***** Extracted data *****

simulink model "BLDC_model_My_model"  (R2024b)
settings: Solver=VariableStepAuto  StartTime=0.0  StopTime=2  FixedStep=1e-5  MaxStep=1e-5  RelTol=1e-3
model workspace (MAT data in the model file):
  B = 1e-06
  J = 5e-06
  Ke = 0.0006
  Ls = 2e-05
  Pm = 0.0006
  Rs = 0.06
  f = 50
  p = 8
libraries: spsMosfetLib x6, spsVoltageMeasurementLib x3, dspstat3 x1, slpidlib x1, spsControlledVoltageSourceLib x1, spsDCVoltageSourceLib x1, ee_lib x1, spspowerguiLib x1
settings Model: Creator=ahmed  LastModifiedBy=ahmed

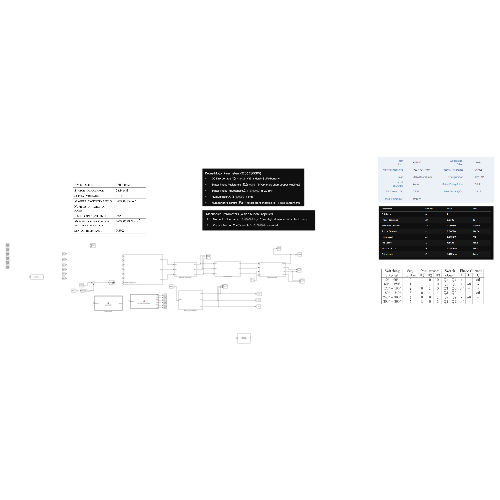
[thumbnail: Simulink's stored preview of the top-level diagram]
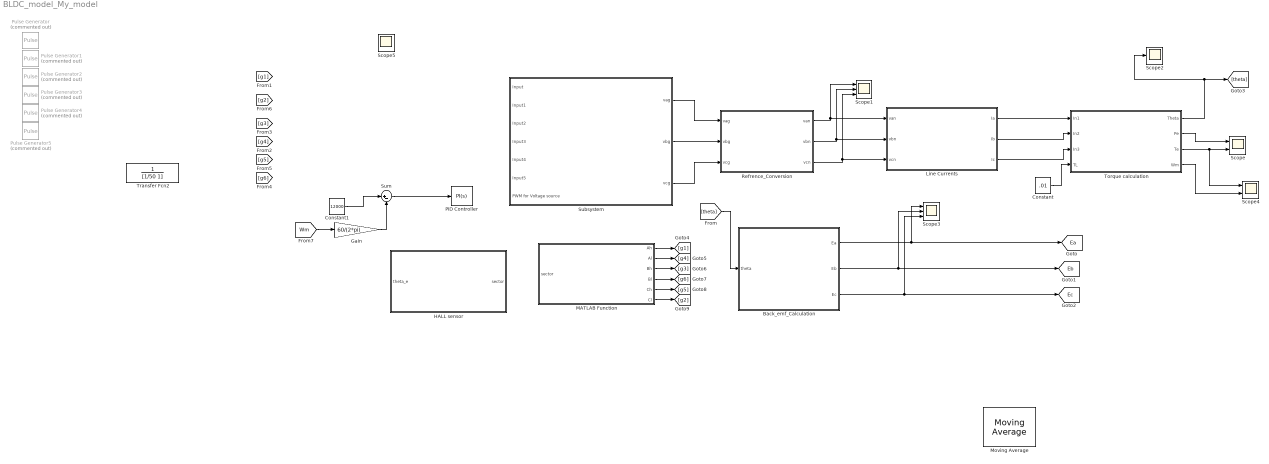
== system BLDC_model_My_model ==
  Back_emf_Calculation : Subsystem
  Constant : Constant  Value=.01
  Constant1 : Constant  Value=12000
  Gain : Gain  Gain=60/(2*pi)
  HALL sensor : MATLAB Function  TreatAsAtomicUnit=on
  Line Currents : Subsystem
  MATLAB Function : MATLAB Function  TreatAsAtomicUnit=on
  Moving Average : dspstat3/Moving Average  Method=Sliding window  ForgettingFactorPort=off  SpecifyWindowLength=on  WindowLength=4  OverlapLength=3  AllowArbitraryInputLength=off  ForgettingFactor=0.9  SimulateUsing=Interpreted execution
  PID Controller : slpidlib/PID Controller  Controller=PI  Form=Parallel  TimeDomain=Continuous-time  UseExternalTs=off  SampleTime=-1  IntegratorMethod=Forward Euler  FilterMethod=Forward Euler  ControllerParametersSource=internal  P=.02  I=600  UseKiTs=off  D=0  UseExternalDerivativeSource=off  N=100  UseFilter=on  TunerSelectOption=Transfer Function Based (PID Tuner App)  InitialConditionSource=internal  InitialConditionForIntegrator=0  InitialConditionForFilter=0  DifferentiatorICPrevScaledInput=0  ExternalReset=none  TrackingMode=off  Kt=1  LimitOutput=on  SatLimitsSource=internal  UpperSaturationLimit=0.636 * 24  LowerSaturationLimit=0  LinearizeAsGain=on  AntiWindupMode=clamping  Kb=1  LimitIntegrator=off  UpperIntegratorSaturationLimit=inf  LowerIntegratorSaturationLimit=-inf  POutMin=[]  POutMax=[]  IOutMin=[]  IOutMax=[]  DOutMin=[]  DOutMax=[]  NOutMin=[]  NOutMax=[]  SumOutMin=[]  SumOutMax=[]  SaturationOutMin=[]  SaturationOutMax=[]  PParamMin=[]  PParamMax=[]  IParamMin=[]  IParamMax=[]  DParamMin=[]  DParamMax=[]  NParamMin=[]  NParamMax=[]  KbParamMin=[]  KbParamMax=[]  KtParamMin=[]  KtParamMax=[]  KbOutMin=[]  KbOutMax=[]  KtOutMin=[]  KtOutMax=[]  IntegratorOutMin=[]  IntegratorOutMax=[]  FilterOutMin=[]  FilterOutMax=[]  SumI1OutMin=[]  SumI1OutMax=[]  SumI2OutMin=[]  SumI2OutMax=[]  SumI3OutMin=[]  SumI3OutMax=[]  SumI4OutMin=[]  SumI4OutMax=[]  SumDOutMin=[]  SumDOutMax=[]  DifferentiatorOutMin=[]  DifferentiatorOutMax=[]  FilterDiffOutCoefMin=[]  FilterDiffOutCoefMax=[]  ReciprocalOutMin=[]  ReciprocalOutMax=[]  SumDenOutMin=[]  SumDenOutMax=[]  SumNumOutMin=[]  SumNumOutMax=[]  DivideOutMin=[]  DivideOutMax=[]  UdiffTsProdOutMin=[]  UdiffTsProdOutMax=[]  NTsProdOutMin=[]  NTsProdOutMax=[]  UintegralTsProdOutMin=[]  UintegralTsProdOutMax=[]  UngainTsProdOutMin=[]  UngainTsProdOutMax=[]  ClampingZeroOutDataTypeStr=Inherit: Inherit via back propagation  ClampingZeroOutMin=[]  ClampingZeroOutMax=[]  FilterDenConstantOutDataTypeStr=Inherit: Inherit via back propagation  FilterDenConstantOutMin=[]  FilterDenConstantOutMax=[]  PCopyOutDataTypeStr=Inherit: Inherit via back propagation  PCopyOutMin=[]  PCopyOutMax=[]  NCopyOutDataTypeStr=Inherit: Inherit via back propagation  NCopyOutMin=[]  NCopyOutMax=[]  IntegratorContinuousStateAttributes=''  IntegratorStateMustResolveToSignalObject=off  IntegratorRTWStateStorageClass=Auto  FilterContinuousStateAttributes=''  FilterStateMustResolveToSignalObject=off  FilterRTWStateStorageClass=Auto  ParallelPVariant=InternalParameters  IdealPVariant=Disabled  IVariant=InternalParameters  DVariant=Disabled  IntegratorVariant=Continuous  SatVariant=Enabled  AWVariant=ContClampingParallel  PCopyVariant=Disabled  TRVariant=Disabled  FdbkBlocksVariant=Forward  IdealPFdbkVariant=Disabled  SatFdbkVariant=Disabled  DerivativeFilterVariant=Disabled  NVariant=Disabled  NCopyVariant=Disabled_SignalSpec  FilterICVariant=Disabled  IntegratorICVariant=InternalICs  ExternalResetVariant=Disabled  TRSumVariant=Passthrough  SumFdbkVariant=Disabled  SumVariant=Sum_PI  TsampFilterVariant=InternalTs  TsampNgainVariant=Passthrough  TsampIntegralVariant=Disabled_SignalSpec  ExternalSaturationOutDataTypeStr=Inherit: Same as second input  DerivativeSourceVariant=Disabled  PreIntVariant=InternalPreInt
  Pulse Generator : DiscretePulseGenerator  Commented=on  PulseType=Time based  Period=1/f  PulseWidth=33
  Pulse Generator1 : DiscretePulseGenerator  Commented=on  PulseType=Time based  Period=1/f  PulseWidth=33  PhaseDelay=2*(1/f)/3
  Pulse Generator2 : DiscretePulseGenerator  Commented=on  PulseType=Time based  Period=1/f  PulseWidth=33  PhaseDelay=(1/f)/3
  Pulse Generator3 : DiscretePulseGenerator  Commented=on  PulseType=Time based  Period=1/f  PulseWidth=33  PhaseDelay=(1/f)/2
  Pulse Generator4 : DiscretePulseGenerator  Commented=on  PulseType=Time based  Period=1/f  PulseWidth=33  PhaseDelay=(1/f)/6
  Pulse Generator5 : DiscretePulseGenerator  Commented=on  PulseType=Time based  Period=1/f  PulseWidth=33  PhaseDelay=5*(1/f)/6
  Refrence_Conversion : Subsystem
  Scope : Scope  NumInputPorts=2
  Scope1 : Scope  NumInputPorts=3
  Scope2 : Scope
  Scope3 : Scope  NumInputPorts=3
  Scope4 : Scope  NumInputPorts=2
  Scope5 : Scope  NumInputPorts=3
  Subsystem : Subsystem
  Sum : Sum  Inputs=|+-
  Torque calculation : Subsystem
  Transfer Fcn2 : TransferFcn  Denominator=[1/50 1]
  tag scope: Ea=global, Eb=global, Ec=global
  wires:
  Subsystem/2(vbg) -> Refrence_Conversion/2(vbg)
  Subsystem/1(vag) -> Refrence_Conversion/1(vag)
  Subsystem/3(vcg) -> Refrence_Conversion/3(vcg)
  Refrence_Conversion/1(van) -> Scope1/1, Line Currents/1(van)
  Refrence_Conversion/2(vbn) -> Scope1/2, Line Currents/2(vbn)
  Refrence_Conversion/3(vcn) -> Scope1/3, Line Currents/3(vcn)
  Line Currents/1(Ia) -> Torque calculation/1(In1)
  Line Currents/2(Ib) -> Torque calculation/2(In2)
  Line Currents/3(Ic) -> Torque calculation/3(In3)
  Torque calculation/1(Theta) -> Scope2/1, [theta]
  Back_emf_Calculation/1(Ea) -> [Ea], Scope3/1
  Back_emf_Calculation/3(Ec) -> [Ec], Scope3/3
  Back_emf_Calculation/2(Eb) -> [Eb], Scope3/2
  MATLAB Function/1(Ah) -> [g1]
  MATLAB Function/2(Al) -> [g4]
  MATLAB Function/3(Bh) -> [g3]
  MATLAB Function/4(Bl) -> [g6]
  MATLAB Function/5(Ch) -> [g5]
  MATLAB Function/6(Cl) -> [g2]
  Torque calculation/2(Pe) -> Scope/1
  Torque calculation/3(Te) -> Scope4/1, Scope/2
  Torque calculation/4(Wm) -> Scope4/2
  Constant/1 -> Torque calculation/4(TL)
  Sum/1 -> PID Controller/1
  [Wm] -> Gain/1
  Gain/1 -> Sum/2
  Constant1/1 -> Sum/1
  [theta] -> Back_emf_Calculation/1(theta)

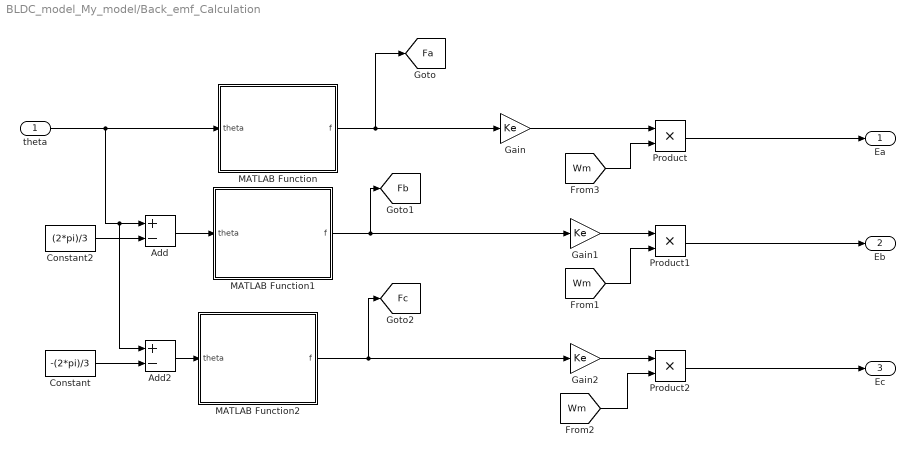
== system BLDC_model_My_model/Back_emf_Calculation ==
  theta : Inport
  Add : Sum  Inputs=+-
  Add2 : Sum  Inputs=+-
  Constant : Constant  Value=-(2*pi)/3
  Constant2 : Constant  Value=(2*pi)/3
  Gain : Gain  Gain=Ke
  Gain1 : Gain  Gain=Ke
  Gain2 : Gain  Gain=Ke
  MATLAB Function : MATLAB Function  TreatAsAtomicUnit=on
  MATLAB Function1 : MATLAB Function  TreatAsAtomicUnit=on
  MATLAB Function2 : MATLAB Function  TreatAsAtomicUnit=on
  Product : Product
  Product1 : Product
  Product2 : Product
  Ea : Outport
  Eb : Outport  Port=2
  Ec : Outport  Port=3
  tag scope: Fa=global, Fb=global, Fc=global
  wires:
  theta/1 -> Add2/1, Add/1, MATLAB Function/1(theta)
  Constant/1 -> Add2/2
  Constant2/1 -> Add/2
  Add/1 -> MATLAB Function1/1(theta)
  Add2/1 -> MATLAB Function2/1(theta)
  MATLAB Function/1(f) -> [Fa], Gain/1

*****

Problem details: Taking the records above, retype every line from the one with "Torque calculation/1(Theta) ->" down to the one with "Gain/1 -> Sum/2", exactly and with nothing else.

Written answer:
  Torque calculation/1(Theta) -> Scope2/1, [theta]
  Back_emf_Calculation/1(Ea) -> [Ea], Scope3/1
  Back_emf_Calculation/3(Ec) -> [Ec], Scope3/3
  Back_emf_Calculation/2(Eb) -> [Eb], Scope3/2
  MATLAB Function/1(Ah) -> [g1]
  MATLAB Function/2(Al) -> [g4]
  MATLAB Function/3(Bh) -> [g3]
  MATLAB Function/4(Bl) -> [g6]
  MATLAB Function/5(Ch) -> [g5]
  MATLAB Function/6(Cl) -> [g2]
  Torque calculation/2(Pe) -> Scope/1
  Torque calculation/3(Te) -> Scope4/1, Scope/2
  Torque calculation/4(Wm) -> Scope4/2
  Constant/1 -> Torque calculation/4(TL)
  Sum/1 -> PID Controller/1
  [Wm] -> Gain/1
  Gain/1 -> Sum/2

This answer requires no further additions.